=== Section Start ===

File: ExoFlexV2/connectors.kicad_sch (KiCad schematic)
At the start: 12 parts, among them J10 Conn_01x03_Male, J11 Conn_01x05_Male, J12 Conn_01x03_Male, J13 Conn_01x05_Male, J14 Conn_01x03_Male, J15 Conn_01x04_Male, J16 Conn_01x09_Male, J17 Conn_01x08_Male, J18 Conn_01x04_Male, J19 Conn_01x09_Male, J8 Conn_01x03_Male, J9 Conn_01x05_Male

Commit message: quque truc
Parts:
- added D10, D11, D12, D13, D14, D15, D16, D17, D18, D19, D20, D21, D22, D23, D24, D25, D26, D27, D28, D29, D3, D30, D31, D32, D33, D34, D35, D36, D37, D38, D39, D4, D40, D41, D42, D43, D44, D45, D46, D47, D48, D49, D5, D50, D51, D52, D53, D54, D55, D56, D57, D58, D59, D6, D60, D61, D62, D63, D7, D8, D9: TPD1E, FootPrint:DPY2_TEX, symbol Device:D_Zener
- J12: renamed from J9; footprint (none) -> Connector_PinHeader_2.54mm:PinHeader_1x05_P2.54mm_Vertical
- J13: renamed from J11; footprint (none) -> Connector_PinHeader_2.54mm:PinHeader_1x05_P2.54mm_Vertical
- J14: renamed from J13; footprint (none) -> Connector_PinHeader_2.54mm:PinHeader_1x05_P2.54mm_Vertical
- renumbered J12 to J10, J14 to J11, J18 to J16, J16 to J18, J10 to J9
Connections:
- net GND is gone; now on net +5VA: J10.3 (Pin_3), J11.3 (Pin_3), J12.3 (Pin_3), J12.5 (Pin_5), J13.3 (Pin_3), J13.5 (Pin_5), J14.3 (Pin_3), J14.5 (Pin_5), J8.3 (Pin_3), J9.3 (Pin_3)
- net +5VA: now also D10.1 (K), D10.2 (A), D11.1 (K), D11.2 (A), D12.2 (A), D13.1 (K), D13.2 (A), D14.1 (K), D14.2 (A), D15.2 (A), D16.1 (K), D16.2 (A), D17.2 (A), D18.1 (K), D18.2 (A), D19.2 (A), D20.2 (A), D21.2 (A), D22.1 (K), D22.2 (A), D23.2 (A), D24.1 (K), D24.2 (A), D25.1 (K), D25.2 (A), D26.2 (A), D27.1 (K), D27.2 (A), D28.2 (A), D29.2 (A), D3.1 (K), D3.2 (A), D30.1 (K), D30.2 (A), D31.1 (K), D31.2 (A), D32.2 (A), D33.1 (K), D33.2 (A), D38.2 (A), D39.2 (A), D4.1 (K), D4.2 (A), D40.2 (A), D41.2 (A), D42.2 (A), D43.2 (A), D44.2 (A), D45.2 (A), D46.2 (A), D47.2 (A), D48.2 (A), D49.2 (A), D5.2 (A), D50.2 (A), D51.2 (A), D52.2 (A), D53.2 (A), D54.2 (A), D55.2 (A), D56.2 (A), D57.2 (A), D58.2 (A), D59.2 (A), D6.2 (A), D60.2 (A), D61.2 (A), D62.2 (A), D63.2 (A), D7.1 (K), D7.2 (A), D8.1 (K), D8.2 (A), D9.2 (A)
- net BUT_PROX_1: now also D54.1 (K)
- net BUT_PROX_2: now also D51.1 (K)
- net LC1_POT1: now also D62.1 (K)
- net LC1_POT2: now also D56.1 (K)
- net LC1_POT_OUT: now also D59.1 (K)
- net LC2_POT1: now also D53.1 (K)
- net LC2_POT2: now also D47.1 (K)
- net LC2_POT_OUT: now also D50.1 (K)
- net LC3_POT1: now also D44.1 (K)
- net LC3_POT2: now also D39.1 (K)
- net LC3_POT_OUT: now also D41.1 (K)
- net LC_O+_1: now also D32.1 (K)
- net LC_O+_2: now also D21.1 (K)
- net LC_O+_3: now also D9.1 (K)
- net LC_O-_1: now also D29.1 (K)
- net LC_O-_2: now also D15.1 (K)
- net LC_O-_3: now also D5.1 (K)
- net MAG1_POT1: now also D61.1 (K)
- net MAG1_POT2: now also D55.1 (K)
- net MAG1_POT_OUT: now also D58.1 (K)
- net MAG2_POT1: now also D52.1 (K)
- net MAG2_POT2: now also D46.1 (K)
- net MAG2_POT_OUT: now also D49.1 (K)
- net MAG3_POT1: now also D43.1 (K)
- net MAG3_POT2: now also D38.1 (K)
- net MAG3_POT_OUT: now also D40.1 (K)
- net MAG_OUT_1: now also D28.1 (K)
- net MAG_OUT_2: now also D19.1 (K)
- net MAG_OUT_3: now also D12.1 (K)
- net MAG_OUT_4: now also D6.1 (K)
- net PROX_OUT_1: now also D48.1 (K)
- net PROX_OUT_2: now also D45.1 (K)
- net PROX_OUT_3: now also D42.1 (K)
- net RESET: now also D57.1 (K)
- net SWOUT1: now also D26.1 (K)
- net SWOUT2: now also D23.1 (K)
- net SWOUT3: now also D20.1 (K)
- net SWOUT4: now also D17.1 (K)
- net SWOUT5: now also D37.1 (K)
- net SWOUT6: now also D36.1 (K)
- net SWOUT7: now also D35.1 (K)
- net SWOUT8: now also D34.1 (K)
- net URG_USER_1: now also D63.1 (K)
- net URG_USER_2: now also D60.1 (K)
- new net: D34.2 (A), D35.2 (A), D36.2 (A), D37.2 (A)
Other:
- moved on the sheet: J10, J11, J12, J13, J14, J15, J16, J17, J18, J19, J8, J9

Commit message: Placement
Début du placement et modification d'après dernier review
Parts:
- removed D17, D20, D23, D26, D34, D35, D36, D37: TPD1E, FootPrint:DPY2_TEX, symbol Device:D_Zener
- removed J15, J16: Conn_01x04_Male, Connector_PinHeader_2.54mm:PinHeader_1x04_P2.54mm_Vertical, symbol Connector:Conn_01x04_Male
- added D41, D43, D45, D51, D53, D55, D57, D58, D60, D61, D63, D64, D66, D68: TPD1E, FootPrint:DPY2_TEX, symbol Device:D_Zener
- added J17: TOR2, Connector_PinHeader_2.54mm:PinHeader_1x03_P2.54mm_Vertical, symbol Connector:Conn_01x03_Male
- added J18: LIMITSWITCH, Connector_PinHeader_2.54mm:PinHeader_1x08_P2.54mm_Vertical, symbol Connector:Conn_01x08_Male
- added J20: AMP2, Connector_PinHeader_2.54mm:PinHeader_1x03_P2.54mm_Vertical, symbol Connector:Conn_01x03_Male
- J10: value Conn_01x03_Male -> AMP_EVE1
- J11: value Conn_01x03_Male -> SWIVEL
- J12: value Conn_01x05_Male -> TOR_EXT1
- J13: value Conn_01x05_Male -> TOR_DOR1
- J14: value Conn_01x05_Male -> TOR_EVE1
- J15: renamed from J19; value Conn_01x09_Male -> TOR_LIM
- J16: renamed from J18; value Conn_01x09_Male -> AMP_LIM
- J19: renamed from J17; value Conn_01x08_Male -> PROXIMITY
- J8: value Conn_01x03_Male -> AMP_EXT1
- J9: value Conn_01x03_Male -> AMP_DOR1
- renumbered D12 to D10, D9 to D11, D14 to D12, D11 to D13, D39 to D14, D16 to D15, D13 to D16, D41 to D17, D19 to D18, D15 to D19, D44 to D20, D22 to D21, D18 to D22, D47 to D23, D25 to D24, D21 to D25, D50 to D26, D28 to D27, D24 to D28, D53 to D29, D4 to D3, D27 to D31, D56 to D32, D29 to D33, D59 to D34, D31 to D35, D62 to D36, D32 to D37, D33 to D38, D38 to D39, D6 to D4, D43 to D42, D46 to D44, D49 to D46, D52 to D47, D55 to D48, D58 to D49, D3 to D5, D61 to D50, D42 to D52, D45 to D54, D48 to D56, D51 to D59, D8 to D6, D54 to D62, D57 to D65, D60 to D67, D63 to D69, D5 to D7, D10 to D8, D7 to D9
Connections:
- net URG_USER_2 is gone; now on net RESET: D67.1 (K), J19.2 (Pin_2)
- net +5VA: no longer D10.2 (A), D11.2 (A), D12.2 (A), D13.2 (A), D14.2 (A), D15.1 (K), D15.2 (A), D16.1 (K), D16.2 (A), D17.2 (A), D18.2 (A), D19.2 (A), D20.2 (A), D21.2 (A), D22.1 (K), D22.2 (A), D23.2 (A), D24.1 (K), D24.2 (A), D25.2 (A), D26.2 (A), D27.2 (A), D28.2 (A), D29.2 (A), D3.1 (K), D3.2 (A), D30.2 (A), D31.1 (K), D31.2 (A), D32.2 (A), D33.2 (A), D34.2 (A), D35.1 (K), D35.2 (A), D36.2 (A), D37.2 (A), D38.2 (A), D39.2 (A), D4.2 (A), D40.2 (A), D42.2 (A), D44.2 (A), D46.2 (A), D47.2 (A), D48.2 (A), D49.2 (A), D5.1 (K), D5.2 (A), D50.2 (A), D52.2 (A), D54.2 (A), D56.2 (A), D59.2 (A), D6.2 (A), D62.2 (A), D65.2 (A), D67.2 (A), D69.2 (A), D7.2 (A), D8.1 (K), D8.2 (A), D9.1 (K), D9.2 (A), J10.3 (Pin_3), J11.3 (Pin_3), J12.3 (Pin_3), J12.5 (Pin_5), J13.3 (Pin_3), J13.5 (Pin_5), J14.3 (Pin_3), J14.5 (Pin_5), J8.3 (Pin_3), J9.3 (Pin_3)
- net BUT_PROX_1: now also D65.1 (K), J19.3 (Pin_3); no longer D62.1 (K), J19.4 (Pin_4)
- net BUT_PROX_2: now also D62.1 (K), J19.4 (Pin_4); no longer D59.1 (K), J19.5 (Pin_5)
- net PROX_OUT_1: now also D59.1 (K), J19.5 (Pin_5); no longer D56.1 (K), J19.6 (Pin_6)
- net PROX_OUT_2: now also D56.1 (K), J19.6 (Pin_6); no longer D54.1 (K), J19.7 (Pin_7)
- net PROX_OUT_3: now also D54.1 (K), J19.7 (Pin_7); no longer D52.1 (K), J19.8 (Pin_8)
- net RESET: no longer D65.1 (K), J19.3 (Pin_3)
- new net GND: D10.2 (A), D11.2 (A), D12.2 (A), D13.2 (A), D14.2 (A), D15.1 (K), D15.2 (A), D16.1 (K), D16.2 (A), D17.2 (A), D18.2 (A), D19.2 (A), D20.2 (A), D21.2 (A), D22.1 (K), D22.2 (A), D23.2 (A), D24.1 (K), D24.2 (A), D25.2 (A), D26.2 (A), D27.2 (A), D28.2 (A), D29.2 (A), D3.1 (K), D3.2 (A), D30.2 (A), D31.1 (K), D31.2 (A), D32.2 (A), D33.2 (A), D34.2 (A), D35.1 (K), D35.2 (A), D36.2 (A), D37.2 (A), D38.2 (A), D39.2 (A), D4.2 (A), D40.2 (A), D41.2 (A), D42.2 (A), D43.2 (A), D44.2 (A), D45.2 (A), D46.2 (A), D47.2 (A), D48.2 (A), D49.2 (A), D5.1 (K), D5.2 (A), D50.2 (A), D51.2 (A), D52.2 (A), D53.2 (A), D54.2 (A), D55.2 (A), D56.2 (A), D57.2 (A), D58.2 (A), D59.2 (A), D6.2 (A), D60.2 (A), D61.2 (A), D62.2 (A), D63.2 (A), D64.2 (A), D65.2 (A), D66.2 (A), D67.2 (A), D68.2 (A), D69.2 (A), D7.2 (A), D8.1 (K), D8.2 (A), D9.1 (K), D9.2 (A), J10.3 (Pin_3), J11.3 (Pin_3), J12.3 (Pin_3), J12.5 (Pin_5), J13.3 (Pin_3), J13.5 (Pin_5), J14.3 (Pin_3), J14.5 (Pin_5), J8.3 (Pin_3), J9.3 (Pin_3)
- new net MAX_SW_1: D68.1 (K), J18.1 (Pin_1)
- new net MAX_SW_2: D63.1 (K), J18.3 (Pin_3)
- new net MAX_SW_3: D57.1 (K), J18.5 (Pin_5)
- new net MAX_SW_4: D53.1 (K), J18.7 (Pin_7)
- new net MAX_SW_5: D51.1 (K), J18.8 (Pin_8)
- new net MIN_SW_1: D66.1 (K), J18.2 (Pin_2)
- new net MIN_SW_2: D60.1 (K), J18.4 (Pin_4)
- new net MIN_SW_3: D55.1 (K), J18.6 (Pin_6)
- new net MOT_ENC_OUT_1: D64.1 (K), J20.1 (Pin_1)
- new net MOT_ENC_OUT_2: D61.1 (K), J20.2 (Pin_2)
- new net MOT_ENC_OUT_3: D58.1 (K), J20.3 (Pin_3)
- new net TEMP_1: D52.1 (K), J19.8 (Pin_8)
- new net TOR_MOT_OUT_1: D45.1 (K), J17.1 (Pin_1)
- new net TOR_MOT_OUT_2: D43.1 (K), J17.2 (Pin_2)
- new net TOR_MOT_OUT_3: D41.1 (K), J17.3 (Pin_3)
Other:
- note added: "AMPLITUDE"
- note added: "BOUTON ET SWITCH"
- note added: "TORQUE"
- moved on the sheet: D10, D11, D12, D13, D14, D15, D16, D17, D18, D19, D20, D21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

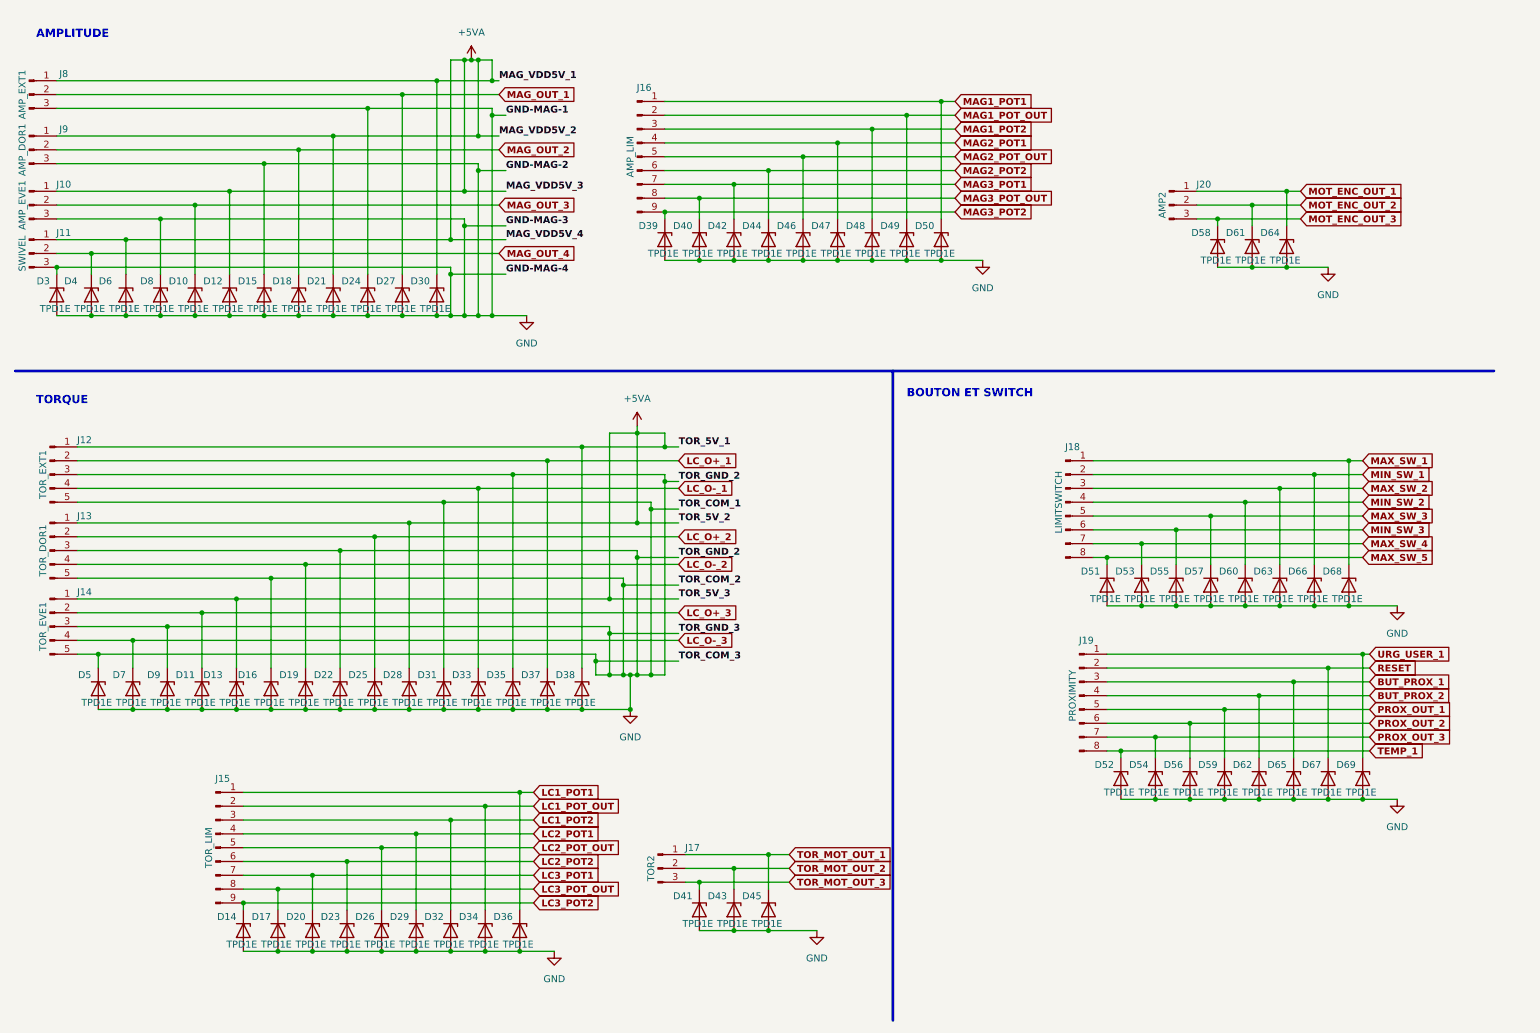
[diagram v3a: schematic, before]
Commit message: Mise à jour mi-stage
- Torque et Amplitude testé et vérifié
- Capteur de présence et de proximité testé
- Système de détection de coupure de fils
- Polyvalence pour plusieurs capteurs
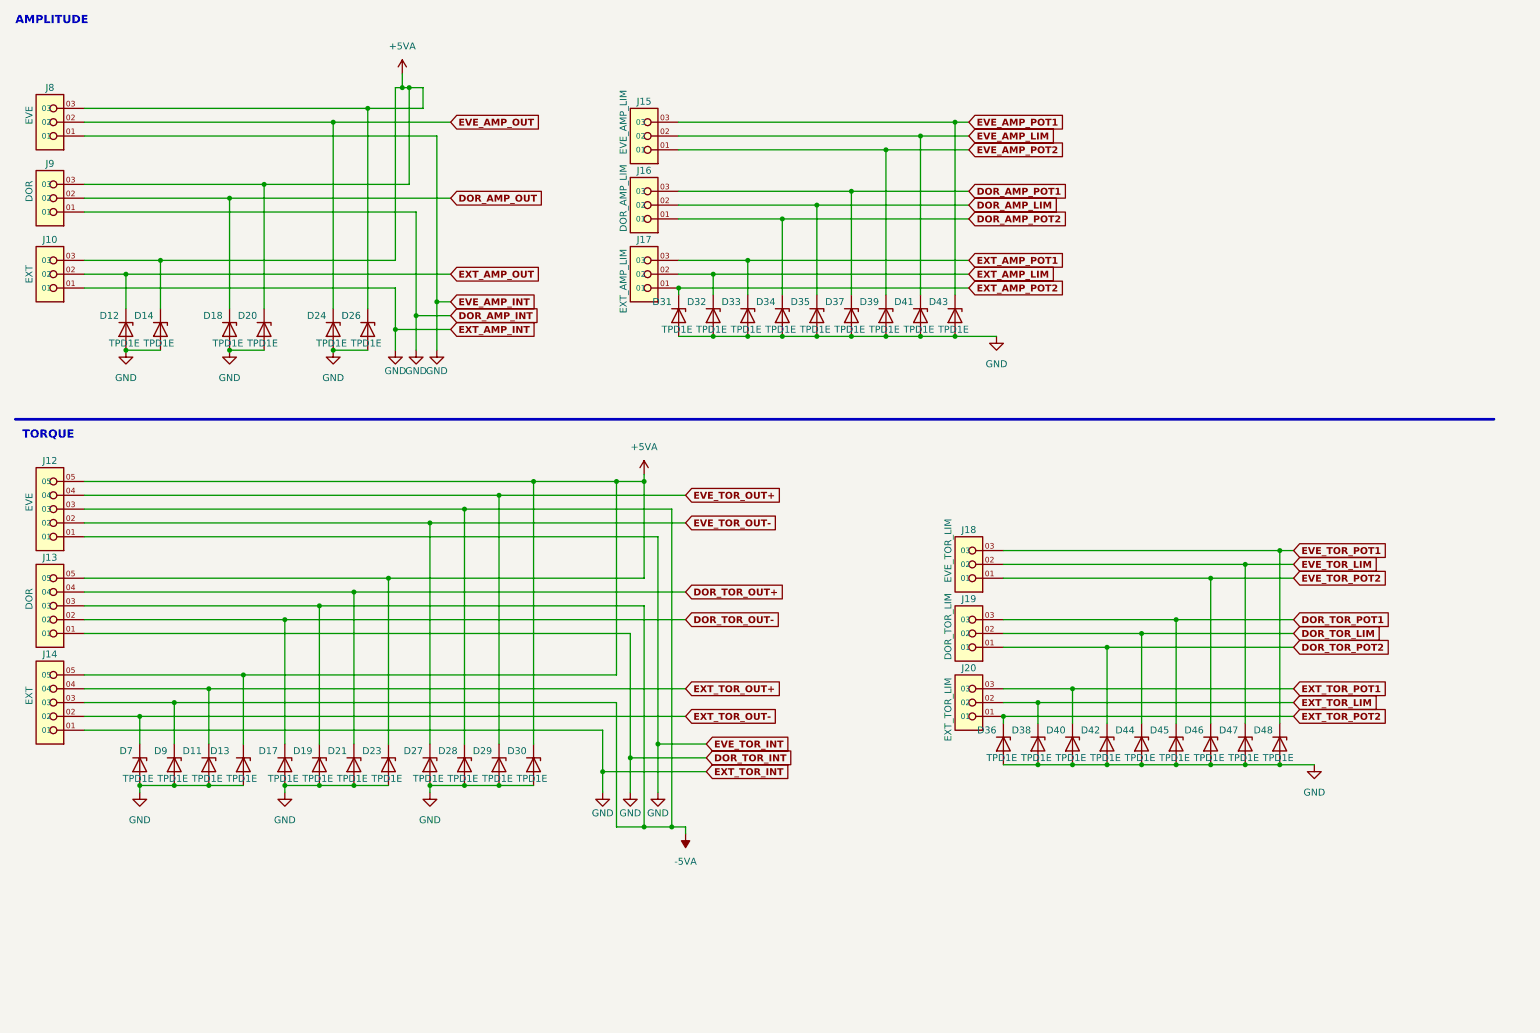
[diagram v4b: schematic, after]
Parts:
- removed D15, D16, D24, D3, D31, D4, D41, D43, D45, D5, D51, D52, D53, D54, D55, D56, D57, D58, D59, D6, D60, D61, D62, D63, D64, D65, D66, D67, D68, D69, D8: TPD1E, FootPrint:DPY2_TEX, symbol Device:D_Zener
- removed J10: AMP_EVE1, Connector_PinHeader_2.54mm:PinHeader_1x03_P2.54mm_Vertical, symbol Connector:Conn_01x03_Male
- removed J11: SWIVEL, Connector_PinHeader_2.54mm:PinHeader_1x03_P2.54mm_Vertical, symbol Connector:Conn_01x03_Male
- removed J12: TOR_EXT1, Connector_PinHeader_2.54mm:PinHeader_1x05_P2.54mm_Vertical, symbol Connector:Conn_01x05_Male
- removed J13: TOR_DOR1, Connector_PinHeader_2.54mm:PinHeader_1x05_P2.54mm_Vertical, symbol Connector:Conn_01x05_Male
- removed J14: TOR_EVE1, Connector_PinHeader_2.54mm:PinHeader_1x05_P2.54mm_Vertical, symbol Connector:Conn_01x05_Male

=== Section End ===

[YOUR ASSIGNMENT] From the entries above, return exactly the line containing "- net LC2_POT1: now also D53.1 (K)", the line containing "- net MAG3_POT_OUT: now also D40.1 (K)", and all lines between, and nothing else.

[RESPONSE TO THE TASK]
- net LC2_POT1: now also D53.1 (K)
- net LC2_POT2: now also D47.1 (K)
- net LC2_POT_OUT: now also D50.1 (K)
- net LC3_POT1: now also D44.1 (K)
- net LC3_POT2: now also D39.1 (K)
- net LC3_POT_OUT: now also D41.1 (K)
- net LC_O+_1: now also D32.1 (K)
- net LC_O+_2: now also D21.1 (K)
- net LC_O+_3: now also D9.1 (K)
- net LC_O-_1: now also D29.1 (K)
- net LC_O-_2: now also D15.1 (K)
- net LC_O-_3: now also D5.1 (K)
- net MAG1_POT1: now also D61.1 (K)
- net MAG1_POT2: now also D55.1 (K)
- net MAG1_POT_OUT: now also D58.1 (K)
- net MAG2_POT1: now also D52.1 (K)
- net MAG2_POT2: now also D46.1 (K)
- net MAG2_POT_OUT: now also D49.1 (K)
- net MAG3_POT1: now also D43.1 (K)
- net MAG3_POT2: now also D38.1 (K)
- net MAG3_POT_OUT: now also D40.1 (K)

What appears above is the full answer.